§ **EXERCISE OBJECTIVE**: All lines holding the word "blind" should be located in the records and copied.

§ **RECORDS PROVIDED**:
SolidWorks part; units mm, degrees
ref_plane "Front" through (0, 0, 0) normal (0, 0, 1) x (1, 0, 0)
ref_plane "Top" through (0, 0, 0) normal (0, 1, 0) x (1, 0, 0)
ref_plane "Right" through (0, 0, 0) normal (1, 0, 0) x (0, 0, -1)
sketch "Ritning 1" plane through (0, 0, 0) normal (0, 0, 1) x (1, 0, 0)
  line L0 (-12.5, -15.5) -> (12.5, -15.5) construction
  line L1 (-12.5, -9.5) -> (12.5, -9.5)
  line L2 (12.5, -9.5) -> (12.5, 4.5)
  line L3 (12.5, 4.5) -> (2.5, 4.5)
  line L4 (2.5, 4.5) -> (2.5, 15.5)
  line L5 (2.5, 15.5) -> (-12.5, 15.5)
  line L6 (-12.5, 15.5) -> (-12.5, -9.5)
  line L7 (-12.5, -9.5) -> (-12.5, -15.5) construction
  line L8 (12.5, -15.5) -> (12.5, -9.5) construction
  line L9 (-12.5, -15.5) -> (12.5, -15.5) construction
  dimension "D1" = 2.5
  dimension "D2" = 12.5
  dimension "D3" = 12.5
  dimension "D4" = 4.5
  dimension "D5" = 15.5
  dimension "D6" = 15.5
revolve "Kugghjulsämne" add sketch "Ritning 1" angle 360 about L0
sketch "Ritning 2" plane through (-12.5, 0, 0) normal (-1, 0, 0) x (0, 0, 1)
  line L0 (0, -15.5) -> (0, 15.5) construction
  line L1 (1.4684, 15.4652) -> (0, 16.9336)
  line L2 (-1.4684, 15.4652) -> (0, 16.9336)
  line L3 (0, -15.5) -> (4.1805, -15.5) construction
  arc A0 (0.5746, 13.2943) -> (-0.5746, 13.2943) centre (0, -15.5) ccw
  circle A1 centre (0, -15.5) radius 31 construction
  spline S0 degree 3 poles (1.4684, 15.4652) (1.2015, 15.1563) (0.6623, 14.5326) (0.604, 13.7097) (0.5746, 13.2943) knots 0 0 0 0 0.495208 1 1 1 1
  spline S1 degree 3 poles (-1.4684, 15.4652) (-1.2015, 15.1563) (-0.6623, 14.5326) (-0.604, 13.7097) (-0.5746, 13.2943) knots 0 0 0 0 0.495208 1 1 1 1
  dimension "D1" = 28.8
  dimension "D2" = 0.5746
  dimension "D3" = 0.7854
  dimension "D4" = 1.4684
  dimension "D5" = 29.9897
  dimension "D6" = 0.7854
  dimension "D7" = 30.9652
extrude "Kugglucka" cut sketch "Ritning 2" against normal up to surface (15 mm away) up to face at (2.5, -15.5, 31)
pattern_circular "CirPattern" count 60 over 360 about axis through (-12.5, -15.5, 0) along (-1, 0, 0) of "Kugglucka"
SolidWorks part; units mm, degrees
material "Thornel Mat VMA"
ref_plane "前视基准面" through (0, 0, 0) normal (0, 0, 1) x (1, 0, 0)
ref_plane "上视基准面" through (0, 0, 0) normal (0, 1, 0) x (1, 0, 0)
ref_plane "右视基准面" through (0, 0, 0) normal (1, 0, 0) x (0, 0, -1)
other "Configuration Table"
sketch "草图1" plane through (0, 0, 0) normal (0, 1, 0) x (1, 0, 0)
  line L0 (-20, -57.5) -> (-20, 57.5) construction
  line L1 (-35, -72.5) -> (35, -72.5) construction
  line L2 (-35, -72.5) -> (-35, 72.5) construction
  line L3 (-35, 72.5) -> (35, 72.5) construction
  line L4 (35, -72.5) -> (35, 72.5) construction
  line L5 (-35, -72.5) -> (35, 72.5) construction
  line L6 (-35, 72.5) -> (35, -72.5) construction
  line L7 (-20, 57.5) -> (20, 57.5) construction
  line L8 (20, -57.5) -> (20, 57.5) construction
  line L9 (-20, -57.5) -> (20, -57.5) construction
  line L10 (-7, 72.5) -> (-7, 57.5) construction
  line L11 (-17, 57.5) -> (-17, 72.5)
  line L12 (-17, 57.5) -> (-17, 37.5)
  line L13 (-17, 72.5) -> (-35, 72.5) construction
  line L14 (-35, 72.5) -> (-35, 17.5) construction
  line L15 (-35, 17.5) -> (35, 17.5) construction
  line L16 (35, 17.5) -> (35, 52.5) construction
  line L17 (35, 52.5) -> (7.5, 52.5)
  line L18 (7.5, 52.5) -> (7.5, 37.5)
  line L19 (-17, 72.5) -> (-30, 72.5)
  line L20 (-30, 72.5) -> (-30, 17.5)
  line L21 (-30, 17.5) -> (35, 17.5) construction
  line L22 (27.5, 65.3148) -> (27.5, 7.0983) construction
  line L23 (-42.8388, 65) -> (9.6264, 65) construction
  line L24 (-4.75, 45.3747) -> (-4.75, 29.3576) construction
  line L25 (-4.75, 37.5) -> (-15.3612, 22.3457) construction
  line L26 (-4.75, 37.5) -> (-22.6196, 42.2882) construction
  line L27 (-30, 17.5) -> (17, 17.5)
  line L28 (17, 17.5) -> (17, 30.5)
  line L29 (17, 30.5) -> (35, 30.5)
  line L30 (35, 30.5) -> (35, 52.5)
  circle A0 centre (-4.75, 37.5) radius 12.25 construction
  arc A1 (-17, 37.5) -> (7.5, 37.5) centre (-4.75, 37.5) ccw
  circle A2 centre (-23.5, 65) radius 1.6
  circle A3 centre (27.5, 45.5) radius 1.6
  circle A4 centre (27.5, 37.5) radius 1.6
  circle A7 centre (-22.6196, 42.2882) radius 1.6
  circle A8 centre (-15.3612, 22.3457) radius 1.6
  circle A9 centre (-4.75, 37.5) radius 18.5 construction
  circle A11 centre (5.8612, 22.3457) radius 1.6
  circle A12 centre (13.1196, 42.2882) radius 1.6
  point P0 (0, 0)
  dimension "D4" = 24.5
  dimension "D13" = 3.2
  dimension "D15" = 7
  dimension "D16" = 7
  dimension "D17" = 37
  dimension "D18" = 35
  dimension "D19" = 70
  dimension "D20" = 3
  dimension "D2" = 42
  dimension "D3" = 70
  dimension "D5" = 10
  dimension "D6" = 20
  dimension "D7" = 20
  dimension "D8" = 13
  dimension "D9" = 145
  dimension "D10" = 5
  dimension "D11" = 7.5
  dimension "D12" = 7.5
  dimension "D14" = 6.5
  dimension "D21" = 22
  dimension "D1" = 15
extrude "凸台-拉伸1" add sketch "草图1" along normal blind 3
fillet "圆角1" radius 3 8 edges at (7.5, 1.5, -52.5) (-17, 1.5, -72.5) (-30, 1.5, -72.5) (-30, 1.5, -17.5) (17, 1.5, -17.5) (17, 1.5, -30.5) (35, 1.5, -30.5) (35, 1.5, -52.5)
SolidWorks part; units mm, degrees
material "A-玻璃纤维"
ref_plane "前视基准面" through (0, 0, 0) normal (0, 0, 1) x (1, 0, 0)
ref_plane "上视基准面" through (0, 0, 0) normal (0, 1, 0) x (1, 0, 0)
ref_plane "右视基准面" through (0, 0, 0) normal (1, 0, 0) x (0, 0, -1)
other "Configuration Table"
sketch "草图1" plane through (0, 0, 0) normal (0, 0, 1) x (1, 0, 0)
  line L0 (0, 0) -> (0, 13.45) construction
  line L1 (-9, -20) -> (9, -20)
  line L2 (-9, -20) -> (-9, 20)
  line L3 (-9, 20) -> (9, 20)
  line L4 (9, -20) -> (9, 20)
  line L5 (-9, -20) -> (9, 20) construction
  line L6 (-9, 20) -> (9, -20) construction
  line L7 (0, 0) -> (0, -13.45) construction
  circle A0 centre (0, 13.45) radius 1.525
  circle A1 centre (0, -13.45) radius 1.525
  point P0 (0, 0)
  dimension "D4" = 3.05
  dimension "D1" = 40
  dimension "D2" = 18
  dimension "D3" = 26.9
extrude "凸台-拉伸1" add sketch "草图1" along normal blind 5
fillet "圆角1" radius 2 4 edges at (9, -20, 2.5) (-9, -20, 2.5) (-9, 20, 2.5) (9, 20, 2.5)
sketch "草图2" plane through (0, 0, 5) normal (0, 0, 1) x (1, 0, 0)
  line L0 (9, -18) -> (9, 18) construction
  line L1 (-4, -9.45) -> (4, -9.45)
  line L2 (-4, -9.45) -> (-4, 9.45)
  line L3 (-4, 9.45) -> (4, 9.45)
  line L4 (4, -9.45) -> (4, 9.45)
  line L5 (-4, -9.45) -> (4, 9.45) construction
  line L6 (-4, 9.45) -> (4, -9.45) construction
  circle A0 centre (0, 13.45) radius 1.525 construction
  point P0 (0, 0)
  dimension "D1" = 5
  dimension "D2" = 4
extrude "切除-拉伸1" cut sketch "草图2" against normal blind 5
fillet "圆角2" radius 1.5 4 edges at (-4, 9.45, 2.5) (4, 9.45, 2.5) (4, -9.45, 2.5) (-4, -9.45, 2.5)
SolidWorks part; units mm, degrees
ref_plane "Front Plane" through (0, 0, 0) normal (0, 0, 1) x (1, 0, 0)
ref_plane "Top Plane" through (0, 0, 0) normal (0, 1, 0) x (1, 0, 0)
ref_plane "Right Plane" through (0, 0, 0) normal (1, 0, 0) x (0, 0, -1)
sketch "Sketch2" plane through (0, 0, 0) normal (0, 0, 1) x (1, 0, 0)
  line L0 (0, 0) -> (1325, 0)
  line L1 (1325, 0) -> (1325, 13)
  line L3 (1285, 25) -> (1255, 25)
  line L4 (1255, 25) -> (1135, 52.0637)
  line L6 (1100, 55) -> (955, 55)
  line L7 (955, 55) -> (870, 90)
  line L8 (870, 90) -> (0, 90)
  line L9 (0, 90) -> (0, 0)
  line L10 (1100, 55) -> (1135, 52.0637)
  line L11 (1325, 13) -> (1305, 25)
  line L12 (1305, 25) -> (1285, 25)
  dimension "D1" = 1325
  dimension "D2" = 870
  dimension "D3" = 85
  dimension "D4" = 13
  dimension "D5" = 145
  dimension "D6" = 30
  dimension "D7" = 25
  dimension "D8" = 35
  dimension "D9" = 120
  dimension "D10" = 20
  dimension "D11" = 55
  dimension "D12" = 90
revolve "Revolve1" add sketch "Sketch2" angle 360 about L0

§ **WRITTEN ANSWER**:
extrude "凸台-拉伸1" add sketch "草图1" along normal blind 3
extrude "凸台-拉伸1" add sketch "草图1" along normal blind 5
extrude "切除-拉伸1" cut sketch "草图2" against normal blind 5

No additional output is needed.